EU officials contacted by EUobserver say they have little reliable information on what happened.

The incident took place in an ethnic Albanian district of Kumanovo, a town 40km north of Skopje.

It was claimed by a group calling itself the National Liberation Army (NLA), which is thought to be linked to the Kosovo Liberation Army (KLA), the Kosovar guerrilla force which fought Serbia in the 1990s.

The NLA also claimed responsibility for an attack on a Macedonian police station in Goshnice, near the Kosovo border, in October. But it has never published a manifesto or a list of demands.

Macedonian authorities say the Kumenovo group entered the country in early May and planned to attack state institutions, sport events, and shopping malls.

Ivo Kotevski, an interior ministry spokesman, said some of them wore KLA insignia but none of them had ID documents.

President Gorge Ivanov, who cut short his visit to Russia, said on TV: “Police have prevented co-ordinated terrorist attacks at different locations in the country that would have caused serious destabilisation, chaos, and fear”.

Prime minister Nikola Gruevski pointed to a jihadist explanation, saying some of them had combat experience in the Middle East.

He tried to calm ethnic tension. “This is not a Macedonian-Albanian conflict”, he said on TV, adding that “[police] officers from all ethnic groups” took part in the operation.

The Kumanovo region was, in 2001, the scene of inter-ethnic clashes which almost led to civil war prior to the Nato-brokered Ohrid Agreement, a power-sharing accord between Macedonians and Albanians, who count for 30 percent of the population.

The weekend’s violence prompted international appeals for calm.

Nato secretary general, Jens Stoltenberg, said: “It is important that all political and community leaders work together to restore calm and conduct a transparent investigation”.

The EU’s neighbourhood commissioner, Joahnnes Hahn, noted: “I urge all actors for utmost restraint.
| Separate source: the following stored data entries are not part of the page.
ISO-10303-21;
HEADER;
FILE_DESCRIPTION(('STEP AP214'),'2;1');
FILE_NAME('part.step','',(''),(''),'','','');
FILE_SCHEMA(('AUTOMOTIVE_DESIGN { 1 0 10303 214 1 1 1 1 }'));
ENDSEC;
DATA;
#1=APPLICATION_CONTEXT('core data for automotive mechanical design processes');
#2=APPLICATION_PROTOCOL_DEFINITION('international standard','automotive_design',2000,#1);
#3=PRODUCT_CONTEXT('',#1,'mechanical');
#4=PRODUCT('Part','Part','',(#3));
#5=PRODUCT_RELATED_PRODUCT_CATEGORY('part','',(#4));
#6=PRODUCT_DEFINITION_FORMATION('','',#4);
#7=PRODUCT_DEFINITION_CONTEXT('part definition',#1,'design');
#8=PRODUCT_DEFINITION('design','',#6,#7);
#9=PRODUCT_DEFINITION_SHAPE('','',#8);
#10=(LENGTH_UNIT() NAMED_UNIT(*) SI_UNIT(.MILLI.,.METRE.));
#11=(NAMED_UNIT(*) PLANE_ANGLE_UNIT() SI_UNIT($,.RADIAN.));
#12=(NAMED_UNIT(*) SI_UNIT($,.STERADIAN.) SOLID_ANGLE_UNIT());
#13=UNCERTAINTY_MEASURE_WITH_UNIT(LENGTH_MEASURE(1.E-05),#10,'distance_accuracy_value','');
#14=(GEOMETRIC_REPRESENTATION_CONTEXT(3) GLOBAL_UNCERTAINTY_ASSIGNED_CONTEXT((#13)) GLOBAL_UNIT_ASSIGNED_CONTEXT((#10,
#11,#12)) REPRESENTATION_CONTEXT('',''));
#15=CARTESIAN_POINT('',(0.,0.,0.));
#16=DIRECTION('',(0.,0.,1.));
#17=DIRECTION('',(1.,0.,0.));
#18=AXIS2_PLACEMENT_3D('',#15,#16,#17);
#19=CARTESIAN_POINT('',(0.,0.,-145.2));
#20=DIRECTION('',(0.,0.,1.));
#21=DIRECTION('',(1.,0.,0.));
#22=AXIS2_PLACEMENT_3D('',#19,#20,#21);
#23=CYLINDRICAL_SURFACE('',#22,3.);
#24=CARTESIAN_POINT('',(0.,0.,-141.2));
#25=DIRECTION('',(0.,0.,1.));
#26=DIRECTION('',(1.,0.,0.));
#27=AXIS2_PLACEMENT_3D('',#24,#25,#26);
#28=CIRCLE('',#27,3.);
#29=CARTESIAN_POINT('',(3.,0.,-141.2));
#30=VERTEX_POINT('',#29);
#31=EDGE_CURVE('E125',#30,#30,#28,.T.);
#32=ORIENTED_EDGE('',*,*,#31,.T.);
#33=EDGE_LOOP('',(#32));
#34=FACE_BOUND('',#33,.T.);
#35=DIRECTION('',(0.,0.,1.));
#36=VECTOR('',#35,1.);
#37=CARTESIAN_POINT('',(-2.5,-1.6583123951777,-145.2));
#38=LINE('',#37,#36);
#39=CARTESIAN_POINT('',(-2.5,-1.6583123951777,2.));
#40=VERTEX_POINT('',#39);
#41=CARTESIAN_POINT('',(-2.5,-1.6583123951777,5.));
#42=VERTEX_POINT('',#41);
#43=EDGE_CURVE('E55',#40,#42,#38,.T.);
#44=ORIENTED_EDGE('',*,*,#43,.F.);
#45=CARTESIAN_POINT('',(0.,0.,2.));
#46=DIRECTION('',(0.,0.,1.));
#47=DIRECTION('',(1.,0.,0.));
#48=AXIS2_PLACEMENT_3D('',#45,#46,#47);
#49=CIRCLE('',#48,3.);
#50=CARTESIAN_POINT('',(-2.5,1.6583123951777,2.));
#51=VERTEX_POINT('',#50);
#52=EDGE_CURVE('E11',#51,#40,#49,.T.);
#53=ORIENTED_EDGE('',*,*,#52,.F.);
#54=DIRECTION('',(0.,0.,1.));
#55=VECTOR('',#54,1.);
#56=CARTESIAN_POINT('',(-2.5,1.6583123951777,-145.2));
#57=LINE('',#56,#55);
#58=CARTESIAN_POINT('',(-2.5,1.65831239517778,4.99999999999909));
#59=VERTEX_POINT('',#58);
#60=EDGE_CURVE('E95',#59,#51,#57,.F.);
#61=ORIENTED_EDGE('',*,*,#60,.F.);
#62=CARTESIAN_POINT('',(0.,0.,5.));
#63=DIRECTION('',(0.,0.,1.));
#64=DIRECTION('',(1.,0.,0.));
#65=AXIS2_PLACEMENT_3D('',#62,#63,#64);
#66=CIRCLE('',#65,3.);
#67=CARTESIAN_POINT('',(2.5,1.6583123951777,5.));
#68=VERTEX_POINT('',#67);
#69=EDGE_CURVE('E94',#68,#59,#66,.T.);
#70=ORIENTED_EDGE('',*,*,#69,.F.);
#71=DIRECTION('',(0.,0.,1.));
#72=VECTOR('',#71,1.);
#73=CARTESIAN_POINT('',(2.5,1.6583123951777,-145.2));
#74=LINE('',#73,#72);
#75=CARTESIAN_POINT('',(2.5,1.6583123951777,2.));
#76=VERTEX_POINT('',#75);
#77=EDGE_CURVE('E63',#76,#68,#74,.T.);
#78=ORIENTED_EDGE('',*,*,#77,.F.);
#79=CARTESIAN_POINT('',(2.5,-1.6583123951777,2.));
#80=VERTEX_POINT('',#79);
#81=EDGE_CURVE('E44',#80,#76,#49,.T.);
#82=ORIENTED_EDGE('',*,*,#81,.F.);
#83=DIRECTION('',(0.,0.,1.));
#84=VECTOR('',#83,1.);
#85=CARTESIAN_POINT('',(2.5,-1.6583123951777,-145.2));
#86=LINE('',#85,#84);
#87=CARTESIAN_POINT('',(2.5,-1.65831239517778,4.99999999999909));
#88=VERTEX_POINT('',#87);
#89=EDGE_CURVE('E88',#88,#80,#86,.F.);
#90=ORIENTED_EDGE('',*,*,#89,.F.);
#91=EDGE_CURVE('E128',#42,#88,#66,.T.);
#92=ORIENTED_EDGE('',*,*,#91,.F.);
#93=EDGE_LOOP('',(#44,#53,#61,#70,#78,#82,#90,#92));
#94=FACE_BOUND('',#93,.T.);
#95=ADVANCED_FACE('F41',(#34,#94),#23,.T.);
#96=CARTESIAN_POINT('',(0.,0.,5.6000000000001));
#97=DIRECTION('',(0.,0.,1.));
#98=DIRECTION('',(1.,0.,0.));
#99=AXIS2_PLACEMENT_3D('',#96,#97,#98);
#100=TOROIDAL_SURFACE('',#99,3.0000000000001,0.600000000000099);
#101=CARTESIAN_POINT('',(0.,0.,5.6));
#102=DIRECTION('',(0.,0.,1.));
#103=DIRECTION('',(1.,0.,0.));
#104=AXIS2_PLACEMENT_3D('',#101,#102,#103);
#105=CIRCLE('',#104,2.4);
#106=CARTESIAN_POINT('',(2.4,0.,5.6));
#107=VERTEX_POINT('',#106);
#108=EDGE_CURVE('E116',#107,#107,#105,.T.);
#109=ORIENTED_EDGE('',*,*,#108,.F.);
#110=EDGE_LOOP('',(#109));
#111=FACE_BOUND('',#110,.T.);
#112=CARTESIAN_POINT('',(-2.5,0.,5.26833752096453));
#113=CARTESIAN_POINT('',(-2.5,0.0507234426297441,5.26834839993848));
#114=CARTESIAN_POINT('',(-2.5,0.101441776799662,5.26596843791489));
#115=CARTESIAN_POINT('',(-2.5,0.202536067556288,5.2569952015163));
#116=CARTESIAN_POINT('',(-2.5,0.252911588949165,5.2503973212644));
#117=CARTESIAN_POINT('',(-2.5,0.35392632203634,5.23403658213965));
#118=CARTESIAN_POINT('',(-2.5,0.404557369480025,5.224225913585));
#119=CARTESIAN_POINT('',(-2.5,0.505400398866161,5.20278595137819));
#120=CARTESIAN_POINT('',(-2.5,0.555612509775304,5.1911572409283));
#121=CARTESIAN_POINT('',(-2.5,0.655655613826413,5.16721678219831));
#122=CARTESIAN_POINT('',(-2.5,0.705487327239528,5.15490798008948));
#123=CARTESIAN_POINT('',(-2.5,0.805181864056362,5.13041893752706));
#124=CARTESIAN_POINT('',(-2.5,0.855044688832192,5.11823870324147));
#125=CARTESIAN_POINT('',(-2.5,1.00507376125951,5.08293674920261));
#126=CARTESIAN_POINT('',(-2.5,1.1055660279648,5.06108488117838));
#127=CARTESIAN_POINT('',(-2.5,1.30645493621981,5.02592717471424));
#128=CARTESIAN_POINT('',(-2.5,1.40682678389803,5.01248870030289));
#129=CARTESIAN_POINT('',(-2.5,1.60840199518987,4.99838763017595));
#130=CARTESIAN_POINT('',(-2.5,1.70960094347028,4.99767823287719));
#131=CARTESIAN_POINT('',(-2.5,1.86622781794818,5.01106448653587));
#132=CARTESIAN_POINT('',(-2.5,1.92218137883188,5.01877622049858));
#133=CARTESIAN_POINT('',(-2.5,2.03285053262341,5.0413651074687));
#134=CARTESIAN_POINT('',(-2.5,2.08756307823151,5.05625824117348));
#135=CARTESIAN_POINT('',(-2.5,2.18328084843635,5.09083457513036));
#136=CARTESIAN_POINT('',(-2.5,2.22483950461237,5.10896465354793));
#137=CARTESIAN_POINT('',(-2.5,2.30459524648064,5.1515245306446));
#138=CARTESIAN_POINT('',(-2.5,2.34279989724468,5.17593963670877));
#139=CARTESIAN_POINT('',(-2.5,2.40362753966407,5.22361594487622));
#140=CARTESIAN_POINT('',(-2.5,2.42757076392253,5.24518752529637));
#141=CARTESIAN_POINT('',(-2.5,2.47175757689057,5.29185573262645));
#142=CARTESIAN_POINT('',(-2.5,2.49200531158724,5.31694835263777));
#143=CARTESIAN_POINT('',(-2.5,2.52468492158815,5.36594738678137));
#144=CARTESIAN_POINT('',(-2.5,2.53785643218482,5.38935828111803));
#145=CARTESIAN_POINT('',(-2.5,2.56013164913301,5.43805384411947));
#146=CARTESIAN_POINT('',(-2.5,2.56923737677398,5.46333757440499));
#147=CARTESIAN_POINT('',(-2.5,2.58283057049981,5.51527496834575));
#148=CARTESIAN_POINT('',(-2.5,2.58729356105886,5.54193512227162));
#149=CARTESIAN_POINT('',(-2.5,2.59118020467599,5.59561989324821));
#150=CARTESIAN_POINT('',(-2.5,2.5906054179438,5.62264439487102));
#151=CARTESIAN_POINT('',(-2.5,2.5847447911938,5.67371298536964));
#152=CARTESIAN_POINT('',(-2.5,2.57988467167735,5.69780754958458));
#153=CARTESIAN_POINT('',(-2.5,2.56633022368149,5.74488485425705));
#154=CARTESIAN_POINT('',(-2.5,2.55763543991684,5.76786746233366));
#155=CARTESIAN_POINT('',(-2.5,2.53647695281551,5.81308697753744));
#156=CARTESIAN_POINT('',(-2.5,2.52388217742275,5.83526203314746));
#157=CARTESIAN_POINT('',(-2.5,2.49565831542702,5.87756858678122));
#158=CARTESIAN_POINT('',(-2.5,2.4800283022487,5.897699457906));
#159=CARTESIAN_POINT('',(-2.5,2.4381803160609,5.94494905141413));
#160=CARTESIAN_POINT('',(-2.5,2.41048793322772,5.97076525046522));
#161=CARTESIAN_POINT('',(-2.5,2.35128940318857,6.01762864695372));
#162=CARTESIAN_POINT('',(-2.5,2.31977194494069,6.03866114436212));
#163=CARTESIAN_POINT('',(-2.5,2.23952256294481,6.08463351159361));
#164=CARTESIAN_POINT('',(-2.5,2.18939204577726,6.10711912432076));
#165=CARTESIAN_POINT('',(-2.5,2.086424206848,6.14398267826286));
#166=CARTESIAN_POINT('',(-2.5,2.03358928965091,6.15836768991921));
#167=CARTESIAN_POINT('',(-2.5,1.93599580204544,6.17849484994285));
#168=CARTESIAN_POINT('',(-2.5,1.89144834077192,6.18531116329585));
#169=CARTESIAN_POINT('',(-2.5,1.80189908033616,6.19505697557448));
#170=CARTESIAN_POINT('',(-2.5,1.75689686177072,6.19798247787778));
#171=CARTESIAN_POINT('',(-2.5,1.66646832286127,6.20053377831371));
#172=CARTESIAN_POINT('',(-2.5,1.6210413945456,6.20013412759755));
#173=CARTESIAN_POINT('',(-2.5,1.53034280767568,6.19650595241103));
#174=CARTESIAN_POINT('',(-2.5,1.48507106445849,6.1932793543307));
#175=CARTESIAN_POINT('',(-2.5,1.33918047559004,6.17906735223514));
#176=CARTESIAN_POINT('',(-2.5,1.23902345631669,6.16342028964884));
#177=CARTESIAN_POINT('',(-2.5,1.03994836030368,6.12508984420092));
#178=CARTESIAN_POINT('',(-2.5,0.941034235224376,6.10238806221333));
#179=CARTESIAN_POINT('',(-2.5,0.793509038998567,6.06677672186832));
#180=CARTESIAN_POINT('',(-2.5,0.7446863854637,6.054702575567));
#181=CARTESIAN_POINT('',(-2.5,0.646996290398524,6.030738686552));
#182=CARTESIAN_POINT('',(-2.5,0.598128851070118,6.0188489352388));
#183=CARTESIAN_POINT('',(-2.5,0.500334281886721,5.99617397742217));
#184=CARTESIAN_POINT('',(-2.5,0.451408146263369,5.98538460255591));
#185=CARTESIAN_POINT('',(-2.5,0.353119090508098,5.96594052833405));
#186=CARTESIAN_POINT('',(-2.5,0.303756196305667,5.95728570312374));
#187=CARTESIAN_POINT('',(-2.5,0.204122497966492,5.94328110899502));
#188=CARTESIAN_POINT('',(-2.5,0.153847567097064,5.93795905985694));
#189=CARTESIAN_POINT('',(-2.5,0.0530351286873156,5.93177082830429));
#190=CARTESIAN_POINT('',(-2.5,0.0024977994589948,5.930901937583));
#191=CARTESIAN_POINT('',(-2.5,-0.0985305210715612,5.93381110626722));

Any further escalation must be avoided."

The EU, US, Nato, and OSCE missions in Macedonia added in a joint statement “the armed group in Kumanovo is an isolated phenomenon. We strongly believe that it must not be allowed to harm relations within society”.

Kosovo also condemned “the violation of order and security by any individual or group with destabilising aims in Macedonia”.

To make matters worse, the incident took place amid a crisis of confidence in Gruevski’s ruling VMRO-DPMNE party.

The Macedonian opposition, the SDSM party, has, in recent weeks, published a series of wire-tapped conversations implicating VMRO-DPMNE members in criminal activity.

The list includes: the cover-up of a police killing of an anti-government protester, 21-year old Martin Neskovski; manipulation of judges; electoral fraud; and financial mismanagement.

The revelations are believed by EU officials to come from an opposition mole in the intelligence services who rebelled over the goverment’s snooping activities.

But Gruevski's timing of the Kumenovo operation, one week before an anti-government rally on 17 May, has prompted popular theories that it was designed to quash anti-government feeling.